Items listed in a dataset
+ + + +

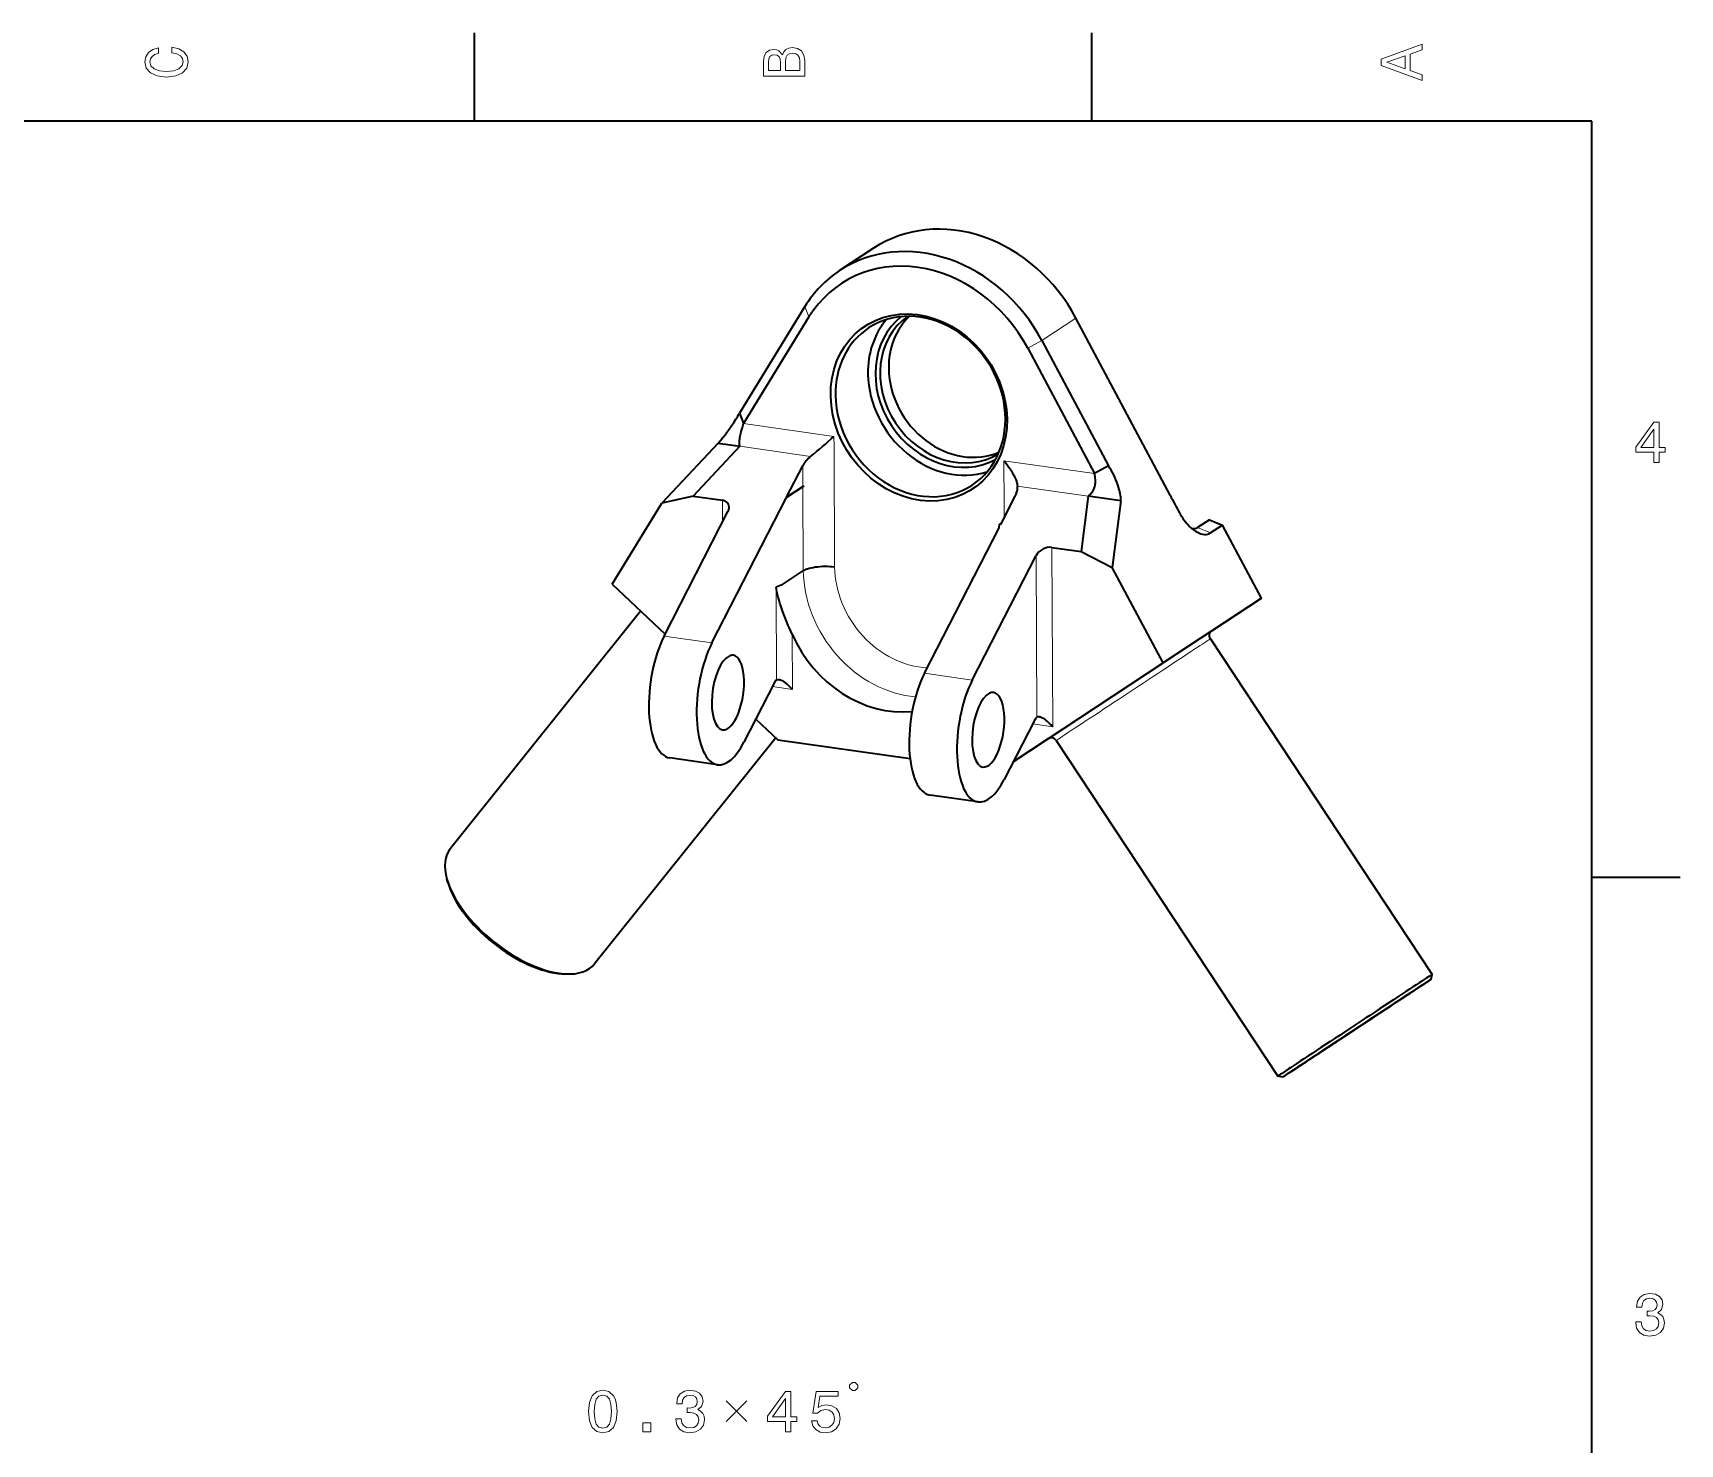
# Model space of a CAD drawing. Extents: x 0 to 420, y 0 to 297.
# Drawn here: x 277.5 to 417.5, y 174.5 to 294.5 of the extents above; entities that cross this region are included whole.
import ezdxf

# ---------------------------------------------------------------- set-up
doc = ezdxf.new("R2010")
doc.units = 0

msp = doc.modelspace()

# ---------------------------------------------------------------- linework, layer by layer
at = {"color": 7, "lineweight": 35, "ltscale": 0.1875}
for p, q in [((315, 287), (315, 294.5)), ((367.5, 287), (367.5, 294.5)), ((410, 222.699997), (417.5, 222.699997))]:
    msp.add_line(p, q, dxfattribs=at)
at = {"color": 7, "lineweight": 35}
for p, q in [((410, 287), (10, 287)), ((410, 10), (410, 287)), ((329.139954, 245.336899), (312.964539, 225.136749)), ((377.576691, 242.972549), (396.413513, 214.427597)), ((340.617188, 234.552094), (325.219818, 215.323578)), ((364.472717, 234.325241), (383.30954, 205.780289))]:
    msp.add_line(p, q, dxfattribs=at)
at = {"color": 7, "lineweight": 35, "ltscale": 0.086723}
msp.add_line((348.945648, 276.195862), (346.049713, 274.286133), dxfattribs=at)
at = {"color": 7, "lineweight": 35, "ltscale": 0.265757}
for p, q in [((343.101379, 271.22522), (337.53656, 262.167847)), ((343.449707, 270.342957), (337.884888, 261.285583))]:
    msp.add_line(p, q, dxfattribs=at)
at = {"color": 7, "lineweight": 13, "ltscale": 0.023713}
msp.add_line((343.101379, 271.22522), (343.449707, 270.342957), dxfattribs=at)
at = {"color": 7, "lineweight": 13, "ltscale": 0.086723}
msp.add_line((366.143127, 270.252319), (363.247192, 268.34259), dxfattribs=at)
at = {"color": 7, "lineweight": 35, "ltscale": 0.426663}
msp.add_line((374.150574, 255.180923), (366.143127, 270.252319), dxfattribs=at)
at = {"color": 7, "lineweight": 13, "ltscale": 0.034274}
msp.add_line((363.247192, 268.34259), (362.045837, 267.682068), dxfattribs=at)
at = {"color": 7, "lineweight": 35, "ltscale": 0.301902}
for p, q in [((362.045837, 267.682068), (367.711823, 257.017731)), ((363.247192, 268.34259), (368.913177, 257.678253))]:
    msp.add_line(p, q, dxfattribs=at)
at = {"color": 7, "lineweight": 35, "ltscale": 0.023713}
msp.add_line((337.53656, 262.167847), (337.884888, 261.285583), dxfattribs=at)
at = {"color": 7, "lineweight": 13, "ltscale": 0.194138}
msp.add_line((345.572113, 260.185638), (337.884888, 261.285583), dxfattribs=at)
at = {"color": 7, "lineweight": 35, "ltscale": 0.174988}
msp.add_line((335.73938, 259.612366), (330.948853, 254.509003), dxfattribs=at)
at = {"color": 7, "lineweight": 35, "ltscale": 0.145032}
msp.add_line((337.567627, 259.341766), (333.597198, 255.112061), dxfattribs=at)
at = {"color": 7, "lineweight": 35, "ltscale": 0.046204}
msp.add_line((335.73938, 259.612366), (337.567627, 259.341766), dxfattribs=at)
at = {"color": 7, "lineweight": 13, "ltscale": 0.152017}
msp.add_line((343.587006, 258.480438), (337.567627, 259.341766), dxfattribs=at)
at = {"color": 7, "lineweight": 13, "ltscale": 0.019965}
msp.add_line((345.572113, 260.185638), (345.576233, 259.387054), dxfattribs=at)
at = {"color": 7, "lineweight": 13, "ltscale": 0.25742}
msp.add_line((345.629028, 249.090393), (345.576233, 259.387054), dxfattribs=at)
at = {"color": 7, "lineweight": 35, "ltscale": 0.075028}
msp.add_line((341.549957, 255.012634), (342.918762, 257.683441), dxfattribs=at)
at = {"color": 7, "lineweight": 13, "ltscale": 0.044056}
msp.add_line((342.918762, 257.683441), (342.927795, 255.921234), dxfattribs=at)
at = {"color": 7, "lineweight": 13, "ltscale": 0.094975}
msp.add_line((360.024567, 258.117676), (360.044067, 254.31871), dxfattribs=at)
at = {"color": 7, "lineweight": 13, "ltscale": 0.194139}
msp.add_line((367.711823, 257.017731), (360.024567, 258.117676), dxfattribs=at)
at = {"color": 7, "lineweight": 35, "ltscale": 0.034274}
msp.add_line((368.913177, 257.678253), (367.711823, 257.017731), dxfattribs=at)
at = {"color": 7, "lineweight": 35, "ltscale": 0.067903}
msp.add_line((333.597198, 255.112061), (330.948853, 254.509003), dxfattribs=at)
at = {"color": 7, "lineweight": 35, "ltscale": 0.062855}
for p, q in [((333.597198, 255.112061), (336.08606, 254.75592)), ((364.087708, 250.749237), (366.576569, 250.393112))]:
    msp.add_line(p, q, dxfattribs=at)
at = {"color": 7, "lineweight": 35, "ltscale": 0.347407}
for p, q in [((335.201172, 242.624771), (341.539154, 254.991531)), ((353.266754, 240.03981), (359.604736, 252.40657))]:
    msp.add_line(p, q, dxfattribs=at)
at = {"color": 7, "lineweight": 35, "ltscale": 0.041588}
msp.add_line((342.927887, 255.907318), (341.539154, 254.991531), dxfattribs=at)
at = {"color": 7, "lineweight": 35, "ltscale": 0.000688}
msp.add_line((341.557983, 255.011612), (341.539154, 254.991531), dxfattribs=at)
at = {"color": 7, "lineweight": 35, "ltscale": 0.041261}
msp.add_line((341.549957, 255.012634), (342.927795, 255.921234), dxfattribs=at)
at = {"color": 7, "lineweight": 35, "ltscale": 0.000202}
msp.add_line((341.549957, 255.012634), (341.557983, 255.011612), dxfattribs=at)
at = {"color": 7, "lineweight": 35, "ltscale": 0.043671}
msp.add_line((343.016296, 255.973267), (341.557983, 255.011612), dxfattribs=at)
at = {"color": 7, "lineweight": 13, "ltscale": 0.178449}
msp.add_line((342.964508, 248.76947), (342.927887, 255.907318), dxfattribs=at)
at = {"color": 7, "lineweight": 35, "ltscale": 0.06755}
msp.add_line((359.751984, 252.693893), (360.984344, 255.098495), dxfattribs=at)
at = {"color": 7, "lineweight": 13, "ltscale": 0.152018}
msp.add_line((367.187927, 255.103455), (361.168518, 255.964752), dxfattribs=at)
at = {"color": 7, "lineweight": 35, "ltscale": 0.118746}
msp.add_line((367.187927, 255.103455), (366.576569, 250.393112), dxfattribs=at)
at = {"color": 7, "lineweight": 35, "ltscale": 0.070294}
msp.add_line((369.972595, 254.714005), (367.187927, 255.103455), dxfattribs=at)
at = {"color": 7, "lineweight": 35, "ltscale": 0.202239}
msp.add_line((326.714081, 247.61644), (330.948853, 254.509003), dxfattribs=at)
at = {"color": 7, "lineweight": 35, "ltscale": 0.297457}
for p, q in [((331.136414, 243.20639), (336.56311, 253.795044)), ((357.331512, 239.458191), (362.758209, 250.04686))]:
    msp.add_line(p, q, dxfattribs=at)
at = {"color": 7, "lineweight": 13, "ltscale": 0.046825}
msp.add_line((336.08606, 254.75592), (336.095673, 252.882935), dxfattribs=at)
at = {"color": 7, "lineweight": 13, "ltscale": 0.026111}
msp.add_line((360.049438, 253.274277), (360.044067, 254.31871), dxfattribs=at)
at = {"color": 7, "lineweight": 35, "ltscale": 0.143273}
msp.add_line((369.972595, 254.714005), (369.234985, 249.030731), dxfattribs=at)
at = {"color": 7, "lineweight": 35, "ltscale": 0.007591}
msp.add_line((359.604736, 252.40657), (359.643799, 252.707672), dxfattribs=at)
at = {"color": 7, "lineweight": 35, "ltscale": 0.005213}
msp.add_line((359.817871, 252.822464), (359.643799, 252.707672), dxfattribs=at)
at = {"color": 7, "lineweight": 35, "ltscale": 0.002726}
msp.add_line((359.751984, 252.693893), (359.643799, 252.707672), dxfattribs=at)
at = {"color": 7, "lineweight": 35, "ltscale": 0.030513}
for p, q in [((377.493835, 253.101044), (376.474915, 252.429108)), ((378.610657, 252.647324), (377.591736, 251.975388))]:
    msp.add_line(p, q, dxfattribs=at)
at = {"color": 7, "lineweight": 13, "ltscale": 0.030137}
msp.add_line((377.591736, 251.975388), (376.474915, 252.429108), dxfattribs=at)
at = {"color": 7, "lineweight": 35, "ltscale": 0.030137}
msp.add_line((377.493835, 253.101044), (378.610657, 252.647324), dxfattribs=at)
at = {"color": 7, "lineweight": 35, "ltscale": 0.175947}
msp.add_line((381.912781, 246.43222), (378.610657, 252.647324), dxfattribs=at)
at = {"color": 7, "lineweight": 13, "ltscale": 0.381359}
msp.add_line((364.087708, 250.749237), (364.165955, 235.495071), dxfattribs=at)
at = {"color": 7, "lineweight": 13, "ltscale": 0.343881}
msp.add_line((362.758209, 250.04686), (362.828766, 236.291794), dxfattribs=at)
at = {"color": 7, "lineweight": 35, "ltscale": 0.07468}
msp.add_line((366.576569, 250.393112), (369.234985, 249.030731), dxfattribs=at)
at = {"color": 7, "lineweight": 35, "ltscale": 0.05621}
msp.add_line((342.964508, 248.76947), (341.087494, 247.531693), dxfattribs=at)
at = {"color": 7, "lineweight": 35, "ltscale": 0.229745}
msp.add_line((373.546753, 240.915268), (369.234985, 249.030731), dxfattribs=at)
at = {"color": 7, "lineweight": 35, "ltscale": 0.15473}
msp.add_line((326.714081, 247.61644), (331.224457, 243.378174), dxfattribs=at)
at = {"color": 7, "lineweight": 35, "ltscale": 0.01158}
msp.add_line((341.088135, 247.531616), (340.657898, 247.360031), dxfattribs=at)
at = {"color": 7, "lineweight": 13, "ltscale": 0.197544}
msp.add_line((340.698425, 239.458374), (340.657898, 247.360031), dxfattribs=at)
at = {"color": 7, "lineweight": 35, "ltscale": 0.250533}
msp.add_line((381.912781, 246.43222), (373.546753, 240.915268), dxfattribs=at)
at = {"color": 7, "lineweight": 35, "ltscale": 0.126255}
msp.add_line((377.697937, 243.650177), (381.912781, 246.43222), dxfattribs=at)
at = {"color": 7, "lineweight": 13, "ltscale": 0.102654}
for p, q in [((335.201172, 242.624771), (331.136414, 243.20639)), ((357.331512, 239.458191), (353.266754, 240.03981))]:
    msp.add_line(p, q, dxfattribs=at)
at = {"color": 7, "lineweight": 13, "ltscale": 0.117736}
msp.add_line((342.035614, 238.661652), (342.011475, 243.371033), dxfattribs=at)
at = {"color": 7, "lineweight": 35, "ltscale": 0.381368}
msp.add_line((360.815399, 232.51178), (373.546753, 240.915268), dxfattribs=at)
at = {"color": 7, "lineweight": 35, "ltscale": 0.14093}
for p, q in [((340.484589, 239.18959), (337.913513, 234.172852)), ((362.614899, 236.02301), (360.043823, 231.006287))]:
    msp.add_line(p, q, dxfattribs=at)
at = {"color": 7, "lineweight": 13, "ltscale": 0.042861}
for p, q in [((342.035614, 238.661652), (340.33847, 238.904495)), ((364.165955, 235.495071), (362.468781, 235.737915))]:
    msp.add_line(p, q, dxfattribs=at)
at = {"color": 7, "lineweight": 35, "ltscale": 0.064033}
msp.add_line((338.923523, 236.143616), (340.79007, 234.389664), dxfattribs=at)
at = {"color": 7, "lineweight": 35, "ltscale": 0.284057}
msp.add_line((340.79007, 234.389664), (352.037781, 232.780258), dxfattribs=at)
at = {"color": 7, "lineweight": 35, "ltscale": 0.089674}
msp.add_line((363.809296, 234.485352), (360.814819, 232.510635), dxfattribs=at)
at = {"color": 7, "lineweight": 35, "ltscale": 0.102654}
msp.add_line((335.679077, 232.261337), (331.614319, 232.842957), dxfattribs=at)
at = {"color": 7, "lineweight": 35, "ltscale": 0.102653}
msp.add_line((357.809387, 229.094757), (353.744659, 229.676376), dxfattribs=at)
at = {"color": 7, "lineweight": 35, "ltscale": 0.007571}
for p, q in [((312.754944, 222.240326), (312.672516, 222.531723)), ((322.438995, 214.485657), (322.741364, 214.468933))]:
    msp.add_line(p, q, dxfattribs=at)
at = {"color": 7, "lineweight": 35, "ltscale": 0.010607}
msp.add_line((396.328339, 214.011963), (396.413513, 214.427597), dxfattribs=at)
at = {"color": 7, "lineweight": 35, "ltscale": 0.010606}
msp.add_line((383.725159, 205.695129), (383.30954, 205.780289), dxfattribs=at)
at = {"color": 7, "lineweight": 13}
for points in [[(289.282074, 292.817017), (289.705688, 292.716156), (290.008301, 292.549713), (290.194885, 292.317719), (290.255402, 292.04541), (290.164642, 291.71759), (289.892303, 291.460388), (289.448486, 291.28891), (288.833221, 291.233429), (288.222992, 291.28891), (287.774139, 291.455353), (287.501801, 291.712555), (287.405975, 292.04541), (287.456421, 292.287476), (287.597626, 292.494232), (287.824585, 292.65564), (288.137268, 292.766571), (288.137268, 293.245697), (287.658142, 293.094391), (287.295044, 292.832153), (287.068085, 292.47406), (286.987396, 292.04541), (287.113495, 291.510803), (287.466492, 291.102325), (288.046478, 290.840057), (288.833221, 290.749298), (289.619965, 290.840057), (290.199951, 291.102325), (290.558014, 291.510803), (290.679047, 292.04541), (290.583221, 292.514404), (290.315918, 292.89267), (289.877167, 293.159943), (289.282074, 293.301147)], [(341.192017, 292.630402), (340.899506, 292.983429), (340.70282, 293.074219), (340.460754, 293.104462), (340.082489, 293.03891), (339.810181, 292.842224), (339.643738, 292.524506), (339.583221, 292.080688), (339.583221, 290.835022), (343.083221, 290.835022), (343.083221, 292.151306), (343.012604, 292.620331), (342.805847, 292.968292), (342.478027, 293.18515), (342.034241, 293.260803), (341.736694, 293.215424), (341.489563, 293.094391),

+ + + +

All lines from the start of the entries above through the line containing "import ezdxf" must be transcribed exactly, both ends included, and no picture may be copied.

# Model space of a CAD drawing. Extents: x 0 to 420, y 0 to 297.
# Drawn here: x 277.5 to 417.5, y 174.5 to 294.5 of the extents above; entities that cross this region are included whole.
import ezdxf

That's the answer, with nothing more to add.